DATA TO USE:
>>>

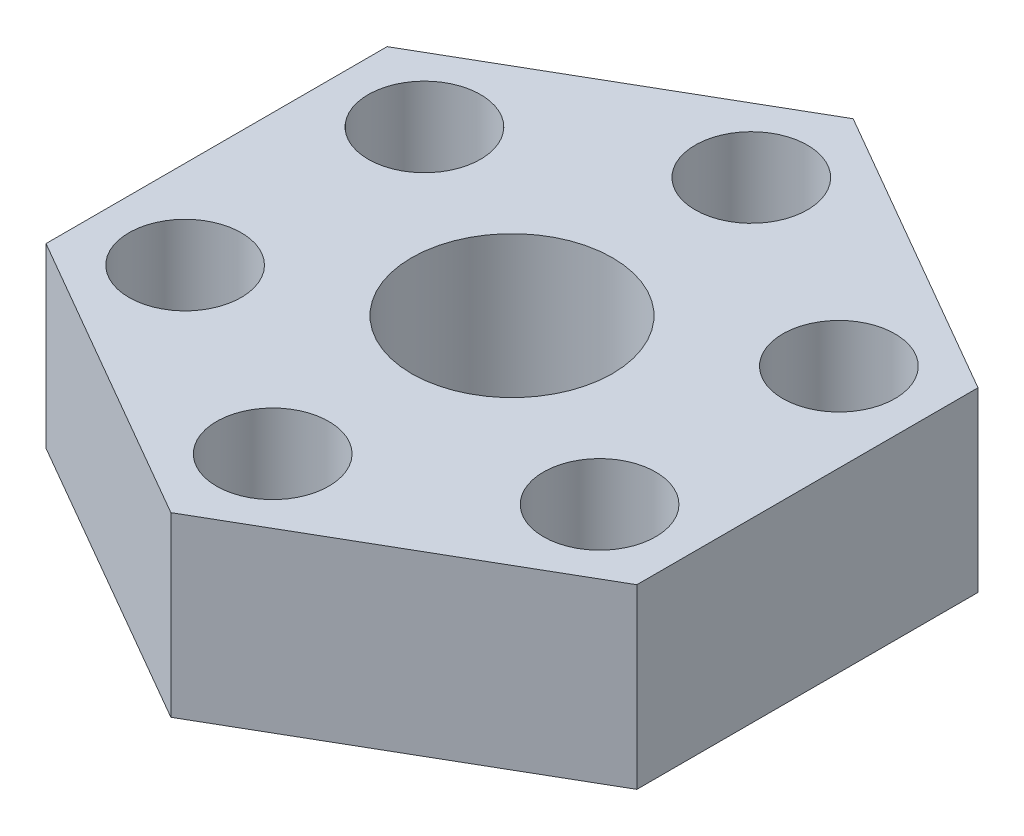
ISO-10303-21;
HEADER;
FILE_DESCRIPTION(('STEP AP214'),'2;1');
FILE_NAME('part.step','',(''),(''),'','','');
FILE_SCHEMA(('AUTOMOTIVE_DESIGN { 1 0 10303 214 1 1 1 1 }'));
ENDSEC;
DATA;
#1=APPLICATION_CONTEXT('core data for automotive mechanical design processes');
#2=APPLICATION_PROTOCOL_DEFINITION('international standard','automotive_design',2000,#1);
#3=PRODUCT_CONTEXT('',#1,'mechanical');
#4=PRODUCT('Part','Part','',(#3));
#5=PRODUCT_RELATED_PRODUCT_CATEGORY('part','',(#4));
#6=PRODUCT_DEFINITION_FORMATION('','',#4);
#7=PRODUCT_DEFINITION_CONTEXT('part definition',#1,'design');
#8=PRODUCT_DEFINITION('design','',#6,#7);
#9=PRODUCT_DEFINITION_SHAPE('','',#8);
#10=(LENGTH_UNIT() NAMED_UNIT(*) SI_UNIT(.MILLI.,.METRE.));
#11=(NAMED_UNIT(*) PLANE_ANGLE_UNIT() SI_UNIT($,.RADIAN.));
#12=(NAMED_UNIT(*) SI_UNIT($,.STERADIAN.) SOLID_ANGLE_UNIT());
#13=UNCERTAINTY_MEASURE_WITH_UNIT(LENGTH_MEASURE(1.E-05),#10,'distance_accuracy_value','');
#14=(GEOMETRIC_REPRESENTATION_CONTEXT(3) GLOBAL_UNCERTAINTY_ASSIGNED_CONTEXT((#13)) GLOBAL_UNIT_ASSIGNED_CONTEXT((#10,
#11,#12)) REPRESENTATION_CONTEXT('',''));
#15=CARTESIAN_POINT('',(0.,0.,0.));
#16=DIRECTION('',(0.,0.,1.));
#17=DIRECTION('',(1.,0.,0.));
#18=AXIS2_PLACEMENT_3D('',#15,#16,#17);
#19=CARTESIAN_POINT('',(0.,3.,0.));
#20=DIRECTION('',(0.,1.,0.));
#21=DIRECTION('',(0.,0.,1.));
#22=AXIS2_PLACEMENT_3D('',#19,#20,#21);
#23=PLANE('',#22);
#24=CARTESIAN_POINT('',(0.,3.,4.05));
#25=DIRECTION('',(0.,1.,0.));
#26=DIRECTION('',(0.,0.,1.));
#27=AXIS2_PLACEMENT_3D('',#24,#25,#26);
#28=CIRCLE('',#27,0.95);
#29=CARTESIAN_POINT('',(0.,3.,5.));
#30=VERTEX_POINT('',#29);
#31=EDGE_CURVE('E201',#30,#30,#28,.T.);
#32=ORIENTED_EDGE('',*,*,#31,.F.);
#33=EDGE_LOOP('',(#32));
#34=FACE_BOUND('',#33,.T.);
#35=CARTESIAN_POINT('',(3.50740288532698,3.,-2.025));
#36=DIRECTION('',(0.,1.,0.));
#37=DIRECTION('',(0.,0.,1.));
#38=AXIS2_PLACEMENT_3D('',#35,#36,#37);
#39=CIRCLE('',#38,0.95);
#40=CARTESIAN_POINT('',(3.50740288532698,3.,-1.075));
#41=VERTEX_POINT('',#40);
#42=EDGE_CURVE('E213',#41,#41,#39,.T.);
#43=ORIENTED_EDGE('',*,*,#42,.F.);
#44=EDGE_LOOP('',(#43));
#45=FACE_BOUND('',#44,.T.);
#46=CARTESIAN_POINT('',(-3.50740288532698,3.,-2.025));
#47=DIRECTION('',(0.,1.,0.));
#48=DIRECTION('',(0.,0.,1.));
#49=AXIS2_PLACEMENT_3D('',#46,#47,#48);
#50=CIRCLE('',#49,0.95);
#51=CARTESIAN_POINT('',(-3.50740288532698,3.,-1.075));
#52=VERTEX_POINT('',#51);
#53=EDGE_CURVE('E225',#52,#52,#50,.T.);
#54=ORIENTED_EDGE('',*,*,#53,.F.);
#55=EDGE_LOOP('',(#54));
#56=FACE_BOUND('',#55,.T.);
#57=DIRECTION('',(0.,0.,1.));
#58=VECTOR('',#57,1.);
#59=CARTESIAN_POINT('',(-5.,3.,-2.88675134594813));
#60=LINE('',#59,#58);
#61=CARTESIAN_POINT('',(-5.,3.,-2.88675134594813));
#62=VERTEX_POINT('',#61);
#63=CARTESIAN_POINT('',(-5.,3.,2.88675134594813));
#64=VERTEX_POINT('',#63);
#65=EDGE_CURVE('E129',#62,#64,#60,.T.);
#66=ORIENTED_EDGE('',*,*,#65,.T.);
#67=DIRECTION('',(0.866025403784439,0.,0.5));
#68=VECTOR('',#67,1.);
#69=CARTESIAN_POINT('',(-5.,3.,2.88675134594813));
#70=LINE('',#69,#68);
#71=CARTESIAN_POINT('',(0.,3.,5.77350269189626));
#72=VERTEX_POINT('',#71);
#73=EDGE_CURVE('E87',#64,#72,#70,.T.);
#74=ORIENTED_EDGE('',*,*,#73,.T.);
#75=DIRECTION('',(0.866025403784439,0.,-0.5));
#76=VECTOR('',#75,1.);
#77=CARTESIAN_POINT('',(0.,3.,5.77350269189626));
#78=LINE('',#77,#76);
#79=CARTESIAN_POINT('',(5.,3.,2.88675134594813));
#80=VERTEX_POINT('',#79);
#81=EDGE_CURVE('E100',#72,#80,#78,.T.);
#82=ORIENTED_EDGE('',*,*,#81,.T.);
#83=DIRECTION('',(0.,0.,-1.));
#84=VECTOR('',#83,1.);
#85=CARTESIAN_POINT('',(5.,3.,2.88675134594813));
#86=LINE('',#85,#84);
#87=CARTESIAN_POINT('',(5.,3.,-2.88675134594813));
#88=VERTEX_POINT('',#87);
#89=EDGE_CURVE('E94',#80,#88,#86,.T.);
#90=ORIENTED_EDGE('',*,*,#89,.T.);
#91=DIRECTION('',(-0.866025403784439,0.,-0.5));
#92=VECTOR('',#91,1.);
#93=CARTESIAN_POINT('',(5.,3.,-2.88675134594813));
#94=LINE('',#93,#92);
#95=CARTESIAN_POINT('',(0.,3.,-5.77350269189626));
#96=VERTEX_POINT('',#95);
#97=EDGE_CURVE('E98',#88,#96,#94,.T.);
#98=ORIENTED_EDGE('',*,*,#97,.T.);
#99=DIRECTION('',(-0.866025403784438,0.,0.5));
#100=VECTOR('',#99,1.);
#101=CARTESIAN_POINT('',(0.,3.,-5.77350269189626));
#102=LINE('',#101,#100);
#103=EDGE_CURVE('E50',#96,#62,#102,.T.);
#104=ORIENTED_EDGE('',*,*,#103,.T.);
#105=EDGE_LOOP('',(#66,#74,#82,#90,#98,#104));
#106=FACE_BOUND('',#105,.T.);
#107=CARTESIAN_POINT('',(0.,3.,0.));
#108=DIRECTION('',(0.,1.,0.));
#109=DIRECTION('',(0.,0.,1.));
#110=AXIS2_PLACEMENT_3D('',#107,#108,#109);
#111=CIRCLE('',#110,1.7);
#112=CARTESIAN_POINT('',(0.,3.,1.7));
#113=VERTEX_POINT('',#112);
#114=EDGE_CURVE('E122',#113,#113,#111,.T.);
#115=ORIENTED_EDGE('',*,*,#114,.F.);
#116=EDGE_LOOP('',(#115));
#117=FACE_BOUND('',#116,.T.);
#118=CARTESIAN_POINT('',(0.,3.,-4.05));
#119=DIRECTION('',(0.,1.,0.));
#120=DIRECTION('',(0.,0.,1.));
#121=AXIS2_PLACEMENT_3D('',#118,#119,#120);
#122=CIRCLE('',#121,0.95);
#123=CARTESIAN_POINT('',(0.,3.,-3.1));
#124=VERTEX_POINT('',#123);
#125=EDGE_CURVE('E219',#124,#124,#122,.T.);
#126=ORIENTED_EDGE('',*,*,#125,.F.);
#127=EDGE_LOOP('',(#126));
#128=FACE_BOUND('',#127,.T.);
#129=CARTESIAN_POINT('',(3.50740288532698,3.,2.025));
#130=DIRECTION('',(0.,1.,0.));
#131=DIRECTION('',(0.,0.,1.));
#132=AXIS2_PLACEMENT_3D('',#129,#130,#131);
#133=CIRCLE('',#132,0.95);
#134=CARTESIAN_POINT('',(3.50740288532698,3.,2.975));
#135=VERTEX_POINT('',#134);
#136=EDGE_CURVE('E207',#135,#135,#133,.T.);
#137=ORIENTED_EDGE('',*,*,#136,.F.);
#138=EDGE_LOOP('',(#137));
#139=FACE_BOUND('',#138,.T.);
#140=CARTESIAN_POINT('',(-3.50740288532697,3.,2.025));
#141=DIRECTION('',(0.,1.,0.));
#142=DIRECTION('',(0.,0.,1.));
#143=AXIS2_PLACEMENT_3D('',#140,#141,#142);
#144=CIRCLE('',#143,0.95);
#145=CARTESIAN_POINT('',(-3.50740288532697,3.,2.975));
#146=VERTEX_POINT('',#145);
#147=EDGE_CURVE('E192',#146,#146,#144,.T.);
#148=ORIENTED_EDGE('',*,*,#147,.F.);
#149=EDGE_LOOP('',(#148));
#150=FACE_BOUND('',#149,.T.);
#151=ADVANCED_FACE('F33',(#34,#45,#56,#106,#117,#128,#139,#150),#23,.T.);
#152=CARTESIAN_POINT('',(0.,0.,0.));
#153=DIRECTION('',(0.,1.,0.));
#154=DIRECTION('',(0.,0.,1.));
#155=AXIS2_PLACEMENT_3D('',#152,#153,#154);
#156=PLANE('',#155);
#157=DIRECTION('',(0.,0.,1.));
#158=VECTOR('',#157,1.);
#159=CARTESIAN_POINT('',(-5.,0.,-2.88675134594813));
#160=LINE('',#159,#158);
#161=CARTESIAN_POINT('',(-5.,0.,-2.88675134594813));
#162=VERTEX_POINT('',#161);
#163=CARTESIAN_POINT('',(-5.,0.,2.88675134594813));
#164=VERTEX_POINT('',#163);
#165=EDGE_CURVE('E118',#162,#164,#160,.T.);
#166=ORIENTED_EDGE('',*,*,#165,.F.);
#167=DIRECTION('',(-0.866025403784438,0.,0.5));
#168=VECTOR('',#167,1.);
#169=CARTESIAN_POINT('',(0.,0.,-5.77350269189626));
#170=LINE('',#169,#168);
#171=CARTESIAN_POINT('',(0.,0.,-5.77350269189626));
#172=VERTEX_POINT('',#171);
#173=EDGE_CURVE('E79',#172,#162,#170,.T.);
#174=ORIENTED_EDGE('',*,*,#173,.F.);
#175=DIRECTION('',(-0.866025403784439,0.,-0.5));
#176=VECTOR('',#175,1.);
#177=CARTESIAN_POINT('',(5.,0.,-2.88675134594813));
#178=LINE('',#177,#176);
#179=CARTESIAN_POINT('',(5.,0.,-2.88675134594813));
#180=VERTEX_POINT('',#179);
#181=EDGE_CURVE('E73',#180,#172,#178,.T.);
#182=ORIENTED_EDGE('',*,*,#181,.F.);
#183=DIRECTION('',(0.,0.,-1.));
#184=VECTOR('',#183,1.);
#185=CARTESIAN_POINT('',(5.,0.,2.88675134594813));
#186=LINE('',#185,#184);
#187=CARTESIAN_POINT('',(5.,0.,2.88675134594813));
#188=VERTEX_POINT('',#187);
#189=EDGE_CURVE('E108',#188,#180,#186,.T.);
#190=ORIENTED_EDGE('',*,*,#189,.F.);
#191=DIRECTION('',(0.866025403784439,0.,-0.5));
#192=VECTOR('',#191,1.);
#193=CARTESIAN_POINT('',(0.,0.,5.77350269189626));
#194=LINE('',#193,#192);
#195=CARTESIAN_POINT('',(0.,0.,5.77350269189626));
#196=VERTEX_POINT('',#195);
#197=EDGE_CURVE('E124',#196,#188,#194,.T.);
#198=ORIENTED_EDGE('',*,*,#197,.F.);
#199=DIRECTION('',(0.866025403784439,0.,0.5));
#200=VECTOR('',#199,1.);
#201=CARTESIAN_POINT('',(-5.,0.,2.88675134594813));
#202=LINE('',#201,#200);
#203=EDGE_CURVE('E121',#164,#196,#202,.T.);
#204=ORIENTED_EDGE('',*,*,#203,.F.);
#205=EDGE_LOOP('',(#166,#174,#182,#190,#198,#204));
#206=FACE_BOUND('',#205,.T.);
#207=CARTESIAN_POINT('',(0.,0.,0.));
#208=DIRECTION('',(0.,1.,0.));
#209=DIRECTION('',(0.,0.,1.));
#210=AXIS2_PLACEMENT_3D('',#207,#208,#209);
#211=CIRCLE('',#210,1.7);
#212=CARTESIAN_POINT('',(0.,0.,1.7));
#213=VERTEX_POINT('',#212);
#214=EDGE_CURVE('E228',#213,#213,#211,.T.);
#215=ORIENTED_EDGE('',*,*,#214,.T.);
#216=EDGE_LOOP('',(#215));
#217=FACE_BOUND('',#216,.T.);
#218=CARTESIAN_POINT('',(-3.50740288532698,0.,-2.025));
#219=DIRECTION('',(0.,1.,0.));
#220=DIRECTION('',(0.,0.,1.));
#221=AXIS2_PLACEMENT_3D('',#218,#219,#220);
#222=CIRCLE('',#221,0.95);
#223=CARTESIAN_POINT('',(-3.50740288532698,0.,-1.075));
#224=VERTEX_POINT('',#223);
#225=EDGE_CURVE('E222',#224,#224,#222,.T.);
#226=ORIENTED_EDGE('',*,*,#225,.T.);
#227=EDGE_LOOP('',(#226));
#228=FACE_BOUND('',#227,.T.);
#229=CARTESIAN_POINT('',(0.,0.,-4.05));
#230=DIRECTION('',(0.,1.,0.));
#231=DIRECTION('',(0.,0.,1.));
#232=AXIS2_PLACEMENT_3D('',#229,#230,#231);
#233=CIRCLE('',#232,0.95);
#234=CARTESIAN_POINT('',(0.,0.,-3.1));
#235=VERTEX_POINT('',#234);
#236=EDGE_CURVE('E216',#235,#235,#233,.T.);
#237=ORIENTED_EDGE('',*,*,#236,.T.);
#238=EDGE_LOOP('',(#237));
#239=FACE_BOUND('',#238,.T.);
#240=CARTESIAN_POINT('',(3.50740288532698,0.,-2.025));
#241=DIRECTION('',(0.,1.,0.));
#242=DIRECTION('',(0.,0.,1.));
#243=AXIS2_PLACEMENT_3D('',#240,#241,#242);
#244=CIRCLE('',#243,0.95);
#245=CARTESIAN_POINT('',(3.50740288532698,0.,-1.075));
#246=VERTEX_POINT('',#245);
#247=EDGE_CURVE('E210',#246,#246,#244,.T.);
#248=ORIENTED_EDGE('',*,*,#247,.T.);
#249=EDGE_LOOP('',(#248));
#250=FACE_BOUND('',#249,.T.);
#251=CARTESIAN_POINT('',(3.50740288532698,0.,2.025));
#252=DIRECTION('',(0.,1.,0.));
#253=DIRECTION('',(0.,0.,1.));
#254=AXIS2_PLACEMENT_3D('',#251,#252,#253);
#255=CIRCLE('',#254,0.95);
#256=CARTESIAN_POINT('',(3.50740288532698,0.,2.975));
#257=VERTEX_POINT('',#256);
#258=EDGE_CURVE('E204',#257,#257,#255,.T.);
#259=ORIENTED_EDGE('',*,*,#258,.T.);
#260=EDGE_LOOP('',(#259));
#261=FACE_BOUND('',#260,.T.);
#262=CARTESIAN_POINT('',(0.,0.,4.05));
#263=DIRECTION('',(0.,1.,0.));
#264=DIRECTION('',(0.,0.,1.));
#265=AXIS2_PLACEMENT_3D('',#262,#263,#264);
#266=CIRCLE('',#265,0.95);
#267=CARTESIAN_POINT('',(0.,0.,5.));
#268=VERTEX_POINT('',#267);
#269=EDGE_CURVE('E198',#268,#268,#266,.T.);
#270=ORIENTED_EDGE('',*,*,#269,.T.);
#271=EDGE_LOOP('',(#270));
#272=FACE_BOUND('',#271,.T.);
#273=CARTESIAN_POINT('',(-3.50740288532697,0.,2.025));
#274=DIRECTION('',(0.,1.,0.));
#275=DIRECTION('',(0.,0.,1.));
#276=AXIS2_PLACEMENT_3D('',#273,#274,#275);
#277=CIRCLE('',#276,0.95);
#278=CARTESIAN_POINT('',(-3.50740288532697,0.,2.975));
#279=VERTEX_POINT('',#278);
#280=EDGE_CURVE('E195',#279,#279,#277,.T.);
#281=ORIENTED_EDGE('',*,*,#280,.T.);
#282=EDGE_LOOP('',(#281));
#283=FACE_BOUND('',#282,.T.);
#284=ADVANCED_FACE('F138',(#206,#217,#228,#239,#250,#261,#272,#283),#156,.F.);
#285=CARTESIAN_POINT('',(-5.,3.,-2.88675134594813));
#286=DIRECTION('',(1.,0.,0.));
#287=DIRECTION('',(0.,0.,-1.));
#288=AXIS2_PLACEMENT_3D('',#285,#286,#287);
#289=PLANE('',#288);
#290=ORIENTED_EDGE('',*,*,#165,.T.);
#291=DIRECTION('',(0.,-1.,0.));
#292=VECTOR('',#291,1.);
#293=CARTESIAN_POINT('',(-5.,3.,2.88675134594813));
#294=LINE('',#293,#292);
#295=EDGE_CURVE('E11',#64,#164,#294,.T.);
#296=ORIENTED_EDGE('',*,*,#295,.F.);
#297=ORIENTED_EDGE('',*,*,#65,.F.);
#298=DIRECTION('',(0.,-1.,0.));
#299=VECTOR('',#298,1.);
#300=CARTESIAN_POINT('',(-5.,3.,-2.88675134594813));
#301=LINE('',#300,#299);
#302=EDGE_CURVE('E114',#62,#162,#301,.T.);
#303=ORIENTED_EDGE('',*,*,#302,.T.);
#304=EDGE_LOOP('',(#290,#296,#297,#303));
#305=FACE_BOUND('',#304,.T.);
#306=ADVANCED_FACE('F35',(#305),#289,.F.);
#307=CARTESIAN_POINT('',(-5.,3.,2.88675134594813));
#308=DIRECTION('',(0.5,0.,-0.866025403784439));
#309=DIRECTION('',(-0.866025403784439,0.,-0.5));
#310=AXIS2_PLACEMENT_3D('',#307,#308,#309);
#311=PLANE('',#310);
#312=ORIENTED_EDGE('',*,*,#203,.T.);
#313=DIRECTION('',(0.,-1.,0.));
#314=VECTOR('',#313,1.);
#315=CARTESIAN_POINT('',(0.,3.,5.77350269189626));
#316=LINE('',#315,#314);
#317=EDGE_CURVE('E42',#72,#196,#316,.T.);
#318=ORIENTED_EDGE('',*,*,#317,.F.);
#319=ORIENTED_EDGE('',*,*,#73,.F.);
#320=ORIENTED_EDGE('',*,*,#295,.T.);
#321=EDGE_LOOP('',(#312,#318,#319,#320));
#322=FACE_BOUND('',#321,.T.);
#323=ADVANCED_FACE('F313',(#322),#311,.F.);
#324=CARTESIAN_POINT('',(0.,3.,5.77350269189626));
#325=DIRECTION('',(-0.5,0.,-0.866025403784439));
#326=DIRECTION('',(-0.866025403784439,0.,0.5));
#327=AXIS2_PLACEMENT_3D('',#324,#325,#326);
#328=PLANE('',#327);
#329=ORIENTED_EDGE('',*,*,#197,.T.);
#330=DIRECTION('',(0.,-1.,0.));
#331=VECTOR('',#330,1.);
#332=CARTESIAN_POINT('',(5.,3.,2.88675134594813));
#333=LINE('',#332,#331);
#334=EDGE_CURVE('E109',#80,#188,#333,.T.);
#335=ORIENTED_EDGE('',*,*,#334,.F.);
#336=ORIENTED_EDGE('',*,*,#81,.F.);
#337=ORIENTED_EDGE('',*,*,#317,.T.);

<<<

In the entries above, one line contains "#166=ORIENTED_EDGE('',*,*,#165,.F.);" and another contains "#180=VERTEX_POINT('',#179);". Reproduce exactly those two lines and the lines between them, nothing else.

RESULT OF THE EXERCISE:
#166=ORIENTED_EDGE('',*,*,#165,.F.);
#167=DIRECTION('',(-0.866025403784438,0.,0.5));
#168=VECTOR('',#167,1.);
#169=CARTESIAN_POINT('',(0.,0.,-5.77350269189626));
#170=LINE('',#169,#168);
#171=CARTESIAN_POINT('',(0.,0.,-5.77350269189626));
#172=VERTEX_POINT('',#171);
#173=EDGE_CURVE('E79',#172,#162,#170,.T.);
#174=ORIENTED_EDGE('',*,*,#173,.F.);
#175=DIRECTION('',(-0.866025403784439,0.,-0.5));
#176=VECTOR('',#175,1.);
#177=CARTESIAN_POINT('',(5.,0.,-2.88675134594813));
#178=LINE('',#177,#176);
#179=CARTESIAN_POINT('',(5.,0.,-2.88675134594813));
#180=VERTEX_POINT('',#179);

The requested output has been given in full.